▶ Records to use:
★ ★ ★

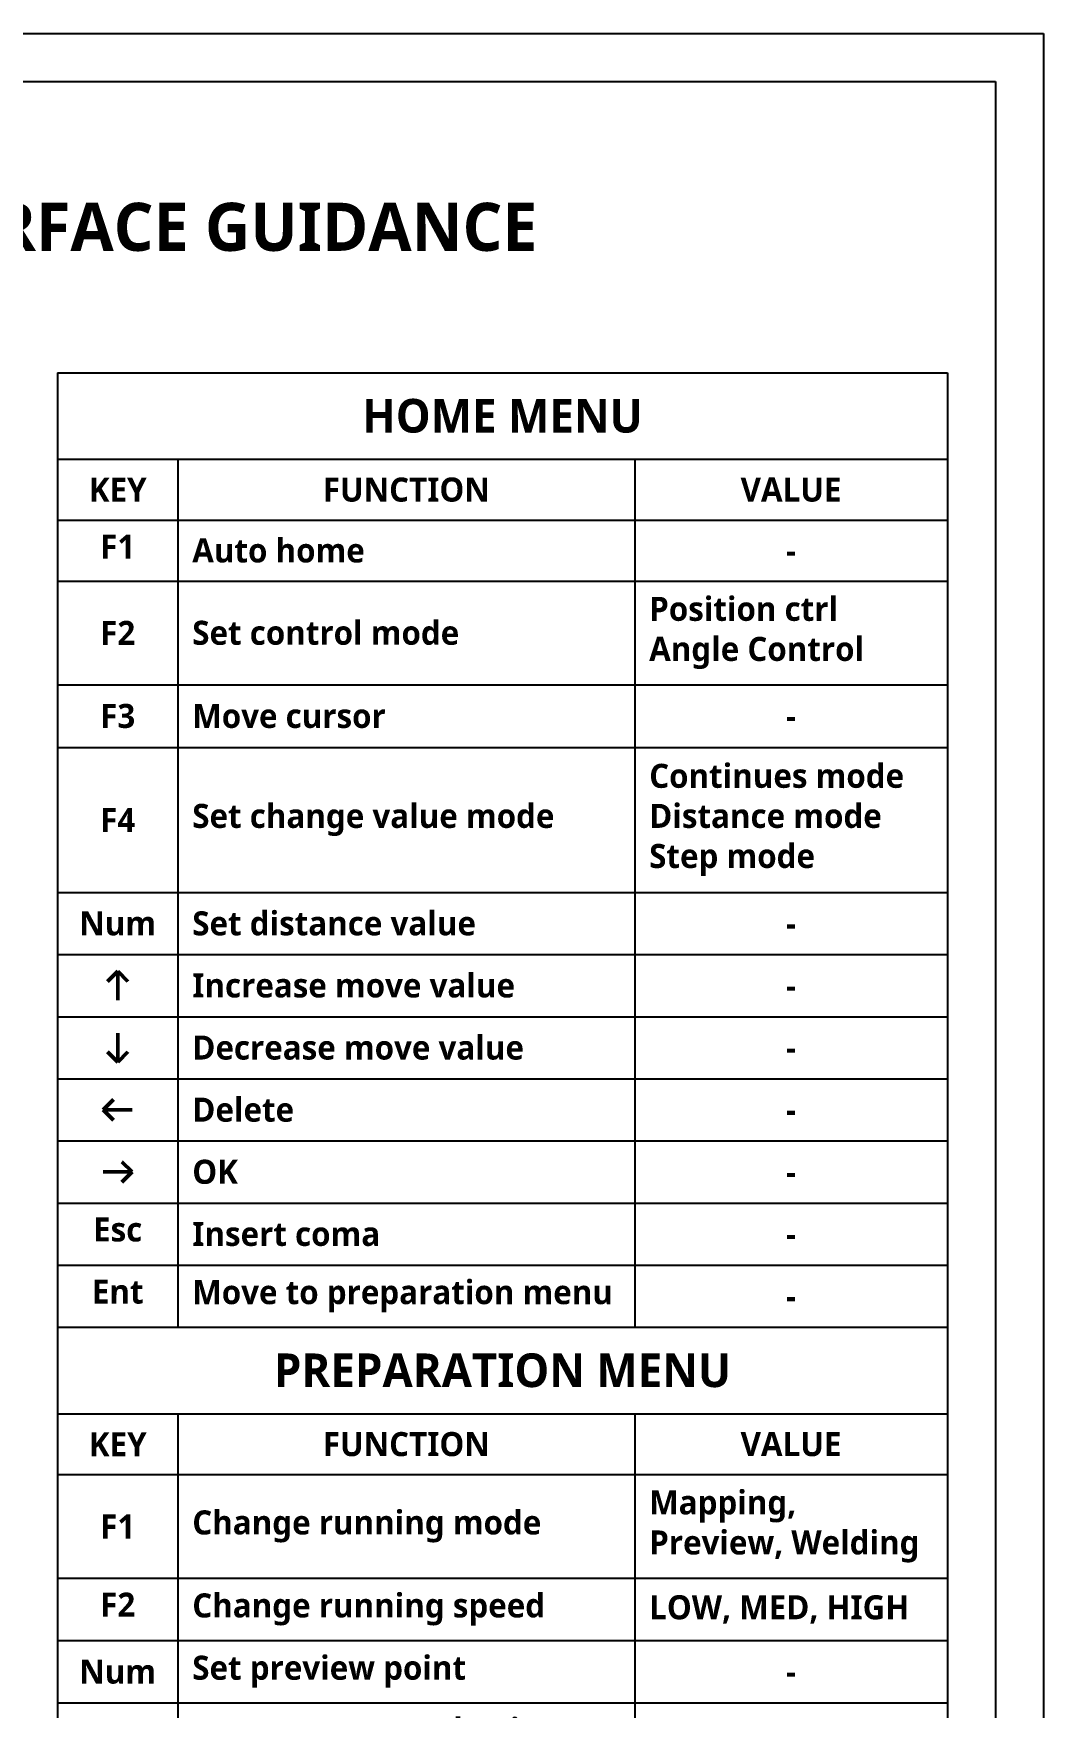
# Model space of a CAD drawing. Header units: millimetres. Extents: x 6 to 656, y 5 to 302.
# Drawn here: x 111 to 216, y 127.9 to 302 of the extents above; entities that cross this region are included whole.
import ezdxf

# ---------------------------------------------------------------- set-up
doc = ezdxf.new("R2010")
doc.units = ezdxf.units.MM

# ---------------------------------------------------------------- blocks, each defined once
blk = doc.blocks.new('*T1')
at = {"color": 0, "linetype": 'ByBlock', "lineweight": -2, "transparency": 16777216}
for p, q in [((0, 0), (92.5, 0)), ((0, 0), (0, -99.27)), ((92.5, 0), (92.5, -99.27)), ((0, -9), (92.5, -9)), ((12.5, -9), (12.5, -99.27)), ((60, -9), (60, -99.27)), ((0, -15.33), (92.5, -15.33)), ((0, -21.67), (92.5, -21.67)), ((0, -32.46), (92.5, -32.46)), ((0, -38.96), (92.5, -38.96)), ((0, -54.05), (92.5, -54.05)), ((0, -60.51), (92.5, -60.51)), ((0, -66.97), (92.5, -66.97)), ((0, -73.43), (92.5, -73.43)), ((0, -79.89), (92.5, -79.89)), ((0, -86.35), (92.5, -86.35)), ((0, -92.81), (92.5, -92.81)), ((0, -99.27), (92.5, -99.27))]:
    blk.add_line(p, q, dxfattribs=at)
at = {"color": 0, "transparency": 16777216}
for s, insert, char_height, width, attachment_point in [('{\\fYu Gothic UI Semibold|b0|i0|c0|p34;HOME MENU}', (46.25, -4.5), 3.5, 89.5, 5), ('{\\fYu Gothic UI Semibold|b0|i0|c0|p34;KEY}', (6.25, -12.17), 2.5, 9.5, 5), ('{\\fYu Gothic UI Semibold|b0|i0|c0|p34;FUNCTION}', (36.25, -12.17), 2.5, 44.5, 5), ('{\\fYu Gothic UI Semibold|b0|i0|c0|p34;VALUE}', (76.25, -12.17), 2.5, 29.5, 5), ('{\\fYu Gothic UI Semibold|b0|i0|c0|p34;F1}', (6.25, -16.83), 2.5, 9.5, 2), ('{\\fYu Gothic UI Semibold|b0|i0|c0|p34;Auto home}', (14, -18.5), 2.5, 44.5, 4), ('{\\fYu Gothic UI Semibold|b0|i0|c0|p34;-}', (76.25, -18.5), 2.5, 29.5, 5), ('{\\fYu Gothic UI Semibold|b0|i0|c0|p34;Position ctrl Angle Control}', (61.5, -27.06), 2.5, 29.5, 4), ('{\\fYu Gothic UI Semibold|b0|i0|c0|p34;F2}', (6.25, -27.06), 2.5, 9.5, 5), ('{\\fYu Gothic UI Semibold|b0|i0|c0|p34;Set control mode}', (14, -27.06), 2.5, 44.5, 4), ('{\\fYu Gothic UI Semibold|b0|i0|c0|p34;F3}', (6.25, -35.71), 2.5, 9.5, 5), ('{\\fYu Gothic UI Semibold|b0|i0|c0|p34;Move cursor}', (14, -35.71), 2.5, 44.5, 4), ('{\\fYu Gothic UI Semibold|b0|i0|c0|p34;-}', (76.25, -35.71), 2.5, 29.5, 5), ('{\\fYu Gothic UI Semibold|b0|i0|c0|p34;Continues mode Distance mode Step mode}', (61.5, -46.51), 2.5, 29.5, 4), ('{\\fYu Gothic UI Semibold|b0|i0|c0|p34;F4}', (6.25, -46.51), 2.5, 9.5, 5), ('{\\fYu Gothic UI Semibold|b0|i0|c0|p34;Set change value mode}', (14, -46.51), 2.5, 44.5, 4), ('{\\fYu Gothic UI Semibold|b0|i0|c0|p34;Num}', (6.25, -57.28), 2.5, 9.5, 5), ('{\\fYu Gothic UI Semibold|b0|i0|c0|p34;Set distance value}', (14, -57.28), 2.5, 44.5, 4), ('{\\fYu Gothic UI Semibold|b0|i0|c0|p34;-}', (76.25, -57.28), 2.5, 29.5, 5), ('{\\fYu Gothic UI Semibold|b0|i0|c0|p34;Increase move value}', (14, -63.74), 2.5, 44.5, 4), ('{\\fYu Gothic UI Semibold|b0|i0|c0|p34;-}', (76.25, -63.74), 2.5, 29.5, 5), ('{\\fYu Gothic UI Semibold|b0|i0|c0|p34;Decrease move value}', (14, -70.2), 2.5, 44.5, 4), ('{\\fYu Gothic UI Semibold|b0|i0|c0|p34;-}', (76.25, -70.2), 2.5, 29.5, 5), ('{\\fYu Gothic UI Semibold|b0|i0|c0|p34;Delete}', (14, -76.66), 2.5, 44.5, 4), ('{\\fYu Gothic UI Semibold|b0|i0|c0|p34;-}', (76.25, -76.66), 2.5, 29.5, 5), ('{\\fYu Gothic UI Semibold|b0|i0|c0|p34;OK}', (14, -83.12), 2.5, 44.5, 4), ('{\\fYu Gothic UI Semibold|b0|i0|c0|p34;-}', (76.25, -83.12), 2.5, 29.5, 5), ('{\\fYu Gothic UI Semibold|b0|i0|c0|p34;Esc}', (6.25, -87.85), 2.5, 9.5, 2), ('{\\fYu Gothic UI Semibold|b0|i0|c0|p34;Insert coma}', (14, -89.58), 2.5, 44.5, 4), ('{\\fYu Gothic UI Semibold|b0|i0|c0|p34;-}', (76.25, -89.58), 2.5, 29.5, 5), ('{\\fYu Gothic UI Semibold|b0|i0|c0|p34;Ent}', (6.25, -94.31), 2.5, 9.5, 2), ('{\\fYu Gothic UI Semibold|b0|i0|c0|p34;Move to preparation menu}', (14, -96.04), 2.5, 44.5, 4), ('{\\fYu Gothic UI Semibold|b0|i0|c0|p34;-}', (76.25, -96.04), 2.5, 29.5, 5)]:
    blk.add_mtext(s, dxfattribs=dict(at, insert=insert, char_height=char_height, width=width, attachment_point=attachment_point))
blk = doc.blocks.new('*T2')
at = {"color": 0, "linetype": 'ByBlock', "lineweight": -2, "transparency": 16777216}
for p, q in [((0, 0), (92.5, 0)), ((0, 0), (0, -65)), ((92.5, 0), (92.5, -65)), ((0, -9), (92.5, -9)), ((12.5, -9), (12.5, -65)), ((60, -9), (60, -65)), ((0, -15.33), (92.5, -15.33)), ((0, -26.1), (92.5, -26.1)), ((0, -32.59), (92.5, -32.59)), ((0, -39.07), (92.5, -39.07)), ((0, -45.55), (92.5, -45.55)), ((0, -52.04), (92.5, -52.04)), ((0, -58.52), (92.5, -58.52)), ((0, -65), (92.5, -65))]:
    blk.add_line(p, q, dxfattribs=at)
at = {"color": 0, "transparency": 16777216}
for s, insert, char_height, width, attachment_point in [('{\\fYu Gothic UI Semibold|b0|i0|c0|p34;PREPARATION MENU}', (46.25, -4.5), 3.5, 89.5, 5), ('{\\fYu Gothic UI Semibold|b0|i0|c0|p34;KEY}', (6.25, -12.17), 2.5, 9.5, 5), ('{\\fYu Gothic UI Semibold|b0|i0|c0|p34;FUNCTION}', (36.25, -12.17), 2.5, 44.5, 5), ('{\\fYu Gothic UI Semibold|b0|i0|c0|p34;VALUE}', (76.25, -12.17), 2.5, 29.5, 5), ('{\\fYu Gothic UI Semibold|b0|i0|c0|p34;Mapping, Preview, Welding}', (61.5, -20.72), 2.5, 29.5, 4), ('{\\fYu Gothic UI Semibold|b0|i0|c0|p34;Change running mode}', (14, -20.72), 2.5, 44.5, 4), ('{\\fYu Gothic UI Semibold|b0|i0|c0|p34;F1}', (6.25, -20.72), 2.5, 9.5, 5), ('{\\fYu Gothic UI Semibold|b0|i0|c0|p34;F2}', (6.25, -27.6), 2.5, 9.5, 2), ('{\\fYu Gothic UI Semibold|b0|i0|c0|p34;Change running speed}', (14, -29.35), 2.5, 44.5, 4), ('{\\fYu Gothic UI Semibold|b0|i0|c0|p34;LOW, MED, HIGH}', (61.5, -29.35), 2.5, 29.5, 4), ('{\\fYu Gothic UI Semibold|b0|i0|c0|p34;Num}', (6.25, -35.83), 2.5, 9.5, 5), ('{\\fYu Gothic UI Semibold|b0|i0|c0|p34;Set preview point}', (14, -35.83), 2.5, 44.5, 4), ('{\\fYu Gothic UI Semibold|b0|i0|c0|p34;-}', (76.25, -35.83), 2.5, 29.5, 5), ('{\\fYu Gothic UI Semibold|b0|i0|c0|p34;Increase mapped point}', (14, -42.31), 2.5, 44.5, 4), ('{\\fYu Gothic UI Semibold|b0|i0|c0|p34;-}', (76.25, -42.31), 2.5, 29.5, 5), ('{\\fYu Gothic UI Semibold|b0|i0|c0|p34;Decrease mapped point}', (14, -48.79), 2.5, 44.5, 4), ('{\\fYu Gothic UI Semibold|b0|i0|c0|p34;-}', (76.25, -48.79), 2.5, 29.5, 5), ('{\\fYu Gothic UI Semibold|b0|i0|c0|p34;Esc}', (6.25, -53.54), 2.5, 9.5, 2), ('{\\fYu Gothic UI Semibold|b0|i0|c0|p34;Back to home menu}', (14, -55.28), 2.5, 44.5, 4), ('{\\fYu Gothic UI Semibold|b0|i0|c0|p34;-}', (76.25, -55.28), 2.5, 29.5, 5), ('{\\fYu Gothic UI Semibold|b0|i0|c0|p34;Ent}', (6.25, -60.02), 2.5, 9.5, 2), ('{\\fYu Gothic UI Semibold|b0|i0|c0|p34;Start running}', (14, -61.76), 2.5, 44.5, 4), ('{\\fYu Gothic UI Semibold|b0|i0|c0|p34;-}', (76.25, -61.76), 2.5, 29.5, 5)]:
    blk.add_mtext(s, dxfattribs=dict(at, insert=insert, char_height=char_height, width=width, attachment_point=attachment_point))

msp = doc.modelspace()

# ---------------------------------------------------------------- linework, layer by layer
at = {"lineweight": 50}
for p, q in [((119.74, 204.44), (118.68, 203.38)), ((119.74, 204.44), (119.74, 201.44)), ((119.74, 204.44), (120.8, 203.38)), ((119.74, 194.98), (119.74, 197.98)), ((119.74, 194.98), (118.68, 196.04)), ((119.74, 194.98), (120.8, 196.04)), ((118.24, 190.02), (119.3, 191.08)), ((118.24, 190.02), (121.24, 190.02)), ((118.24, 190.02), (119.3, 188.96)), ((121.24, 183.56), (120.18, 184.62)), ((121.24, 183.56), (118.24, 183.56)), ((121.24, 183.56), (120.18, 182.5))]:
    msp.add_line(p, q, dxfattribs=at)
for points in [[(215.99, 301.96), (215.99, 4.96), (5.99, 4.96), (5.99, 301.96)], [(210.99, 296.96), (210.99, 9.96), (10.99, 9.96), (10.99, 296.96)]]:
    msp.add_lwpolyline(points, close=True)

# ---------------------------------------------------------------- block references
for name, p in [('*T1', (113.49, 266.68)), ('*T2', (113.49, 167.41))]:
    msp.add_blockref(name, p)

# ---------------------------------------------------------------- texts
at = {"insert": (110.99, 281.82), "char_height": 5, "attachment_point": 5}
msp.add_mtext_dynamic_manual_height_columns('{\\fYu Gothic UI Semibold|b0|i0|c0|p34;PENDANT INTERFACE GUIDANCE}', width=113.0538, gutter_width=17.5, heights=[0], dxfattribs=at)

doc.saveas('drawing.dxf')

★ ★ ★

▶ Assignment: Please copy every line from the entries that includes the word "blocks".

▶ Result of the task:
# ---------------------------------------------------------------- blocks, each defined once
blk = doc.blocks.new('*T1')
blk = doc.blocks.new('*T2')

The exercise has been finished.